Mahmudah Cahyawati

Belum menuliskan informasi profilenya.

Selengkapnya
Navigasi Web
Mereka Juga Anak-Anakku
semangat .news

Mereka Juga Anak-Anakku

Di kelasku, ada 20 siswa, Alhamdulillah aku mengenal karakternya masing-masing. Kelas 6 SD, adalah masa yang penuh dengan kegalauan, maklum saja mereka berada pada masa transisi dari anak-anak ke remaja awal. Kadang ceria seperti anak-anak, kadang baperan seperti remaja galau. Tapi itulah mereka, remaja tanggung.

Risti, gadis manis tinggi semampai, punya keahlian mempengaruhi teman-temannya agar ikut kemauannya. Sebenarnya ia baik hati dan kreatif, tetapi kadang sifat juteknya keluar. Andhika, ceria, ADHDD, pintar main gitar, senang main bola. Rafi, genius, gemar main piano, penyuka Bethoven, Annisa, cantik, rajin belajar, gemar berkuda, suka menyanyi, kadang suka iseng mengadu domba orang. Ijash, bdananya paling tinggi, disenangi semua teman kelasnya, senang anime, senang main game. Tabi, cantik, juara renang, agak lamban dalam pelajaran, cenderung menjadi follower, disukai banyak lawan jenisnya. Mereka adalah sebagian dari siswa-siswaku yang kdanag membuat aku berpikir keras.

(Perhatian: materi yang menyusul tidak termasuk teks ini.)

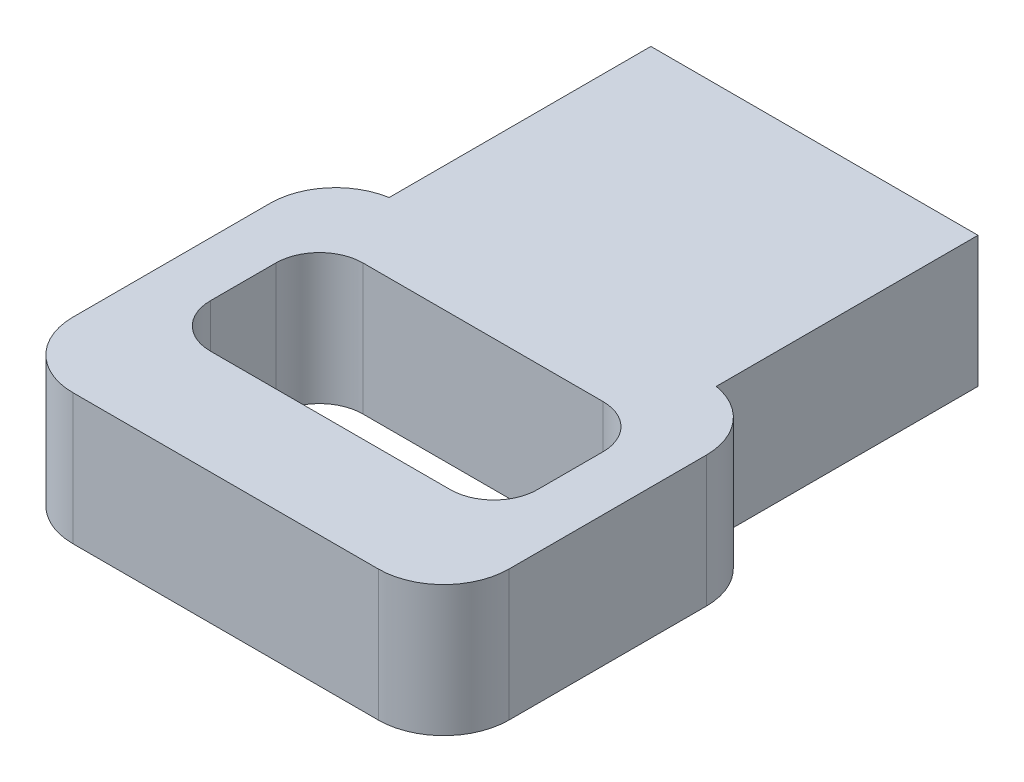
SolidWorks part; units mm, degrees
ref_plane "Front Plane" through (0, 0, 0) normal (0, 0, 1) x (1, 0, 0)
ref_plane "Top Plane" through (0, 0, 0) normal (0, 1, 0) x (1, 0, 0)
ref_plane "Right Plane" through (0, 0, 0) normal (1, 0, 0) x (0, 0, -1)
sketch "Sketch1" plane through (0, 0, 0) normal (0, 0, 1) x (1, 0, 0)
  line L1 (19.05, -7.62) -> (-19.05, -7.62)
  line L2 (19.05, -7.62) -> (19.05, 7.62)
  line L3 (19.05, 7.62) -> (-19.05, 7.62)
  line L4 (-19.05, -7.62) -> (-19.05, 7.62)
  line L5 (19.05, -7.62) -> (-19.05, 7.62) construction
  line L6 (19.05, 7.62) -> (-19.05, -7.62) construction
  point P0 (0, 0)
  dimension "D1" = 38.1
  dimension "D2" = 15.24
extrude "Boss-Extrude2" add sketch "Sketch1" along normal blind 30.48
sketch "Sketch2" plane through (0, 0, 30.48) normal (0, 0, 1) x (1, 0, 0)
  line L0 (19.05, 7.62) -> (-19.05, 7.62) construction
  line L1 (-25.4, -7.62) -> (25.4, -7.62)
  line L2 (-25.4, -7.62) -> (-25.4, 7.62)
  line L3 (-25.4, 7.62) -> (25.4, 7.62)
  line L4 (25.4, -7.62) -> (25.4, 7.62)
  line L5 (-25.4, -7.62) -> (25.4, 7.62) construction
  line L6 (-25.4, 7.62) -> (25.4, -7.62) construction
  point P0 (0, 0)
  dimension "D1" = 0
  dimension "D2" = 50.8
extrude "Boss-Extrude3" add sketch "Sketch2" along normal blind 38.1
sketch "Sketch3" plane through (0, -7.62, 0) normal (0, -1, 0) x (1, 0, 0)
  line L0 (0, 68.58) -> (0, 0) construction
  line L1 (-25.4, 68.58) -> (25.4, 68.58) construction
  line L3 (-19.05, 56.3844) -> (19.05, 56.3844)
  line L4 (-19.05, 56.3844) -> (-19.05, 38.6044)
  line L5 (-19.05, 38.6044) -> (19.05, 38.6044)
  line L6 (19.05, 56.3844) -> (19.05, 38.6044)
  line L7 (-19.05, 56.3844) -> (19.05, 38.6044) construction
  line L8 (-19.05, 38.6044) -> (19.05, 56.3844) construction
  point P5 (0, 47.4944)
  dimension "D1" = 17.78
extrude "Cut-Extrude1" cut sketch "Sketch3" against normal through all contours L3 L6 L5 L4
fillet "Fillet1" radius 5.08 4 edges at (19.05, 0, 38.6044) (-19.05, 0, 38.6044) (19.05, 0, 56.3844) (-19.05, 0, 56.3844)
fillet "Fillet2" radius 7.62 4 edges at (-25.4, 0, 30.48) (25.4, 0, 30.48) (25.4, 0, 68.58) (-25.4, 0, 68.58)

Walaupun, mereka bukan anak-anak yang lahir dari rahimku, namun aku merasa bertanggungjawab atas perkembangan mereka, aku bukan hanya mengurusi masalah kognisi, tetapi aku juga sering kali mendengarkan suara-suara hati mereka, layaknya ibu dengan anaknya. Sehingga beberapa kali, aku dipanggil kepala sekolah lantaran siswa-siswaku melakukan hal-hal yang dianggap sekolah kurang tepat. Seperti saat mereka menolongku mendisplay papan di kelas. aku memang menerapkan kebebasan dalam mengajar , tetapi bebas yang bertanggungjawab. Juga pada saat ada performance di assembly day, mereka memilih sendiri tema yang akan dimalinkan. Sehingga terkadang jalan ceritanya agak absurb bagi sebagian guru. Tetapi, tak mengapa, asalkan mereka senang bisa berekspresi.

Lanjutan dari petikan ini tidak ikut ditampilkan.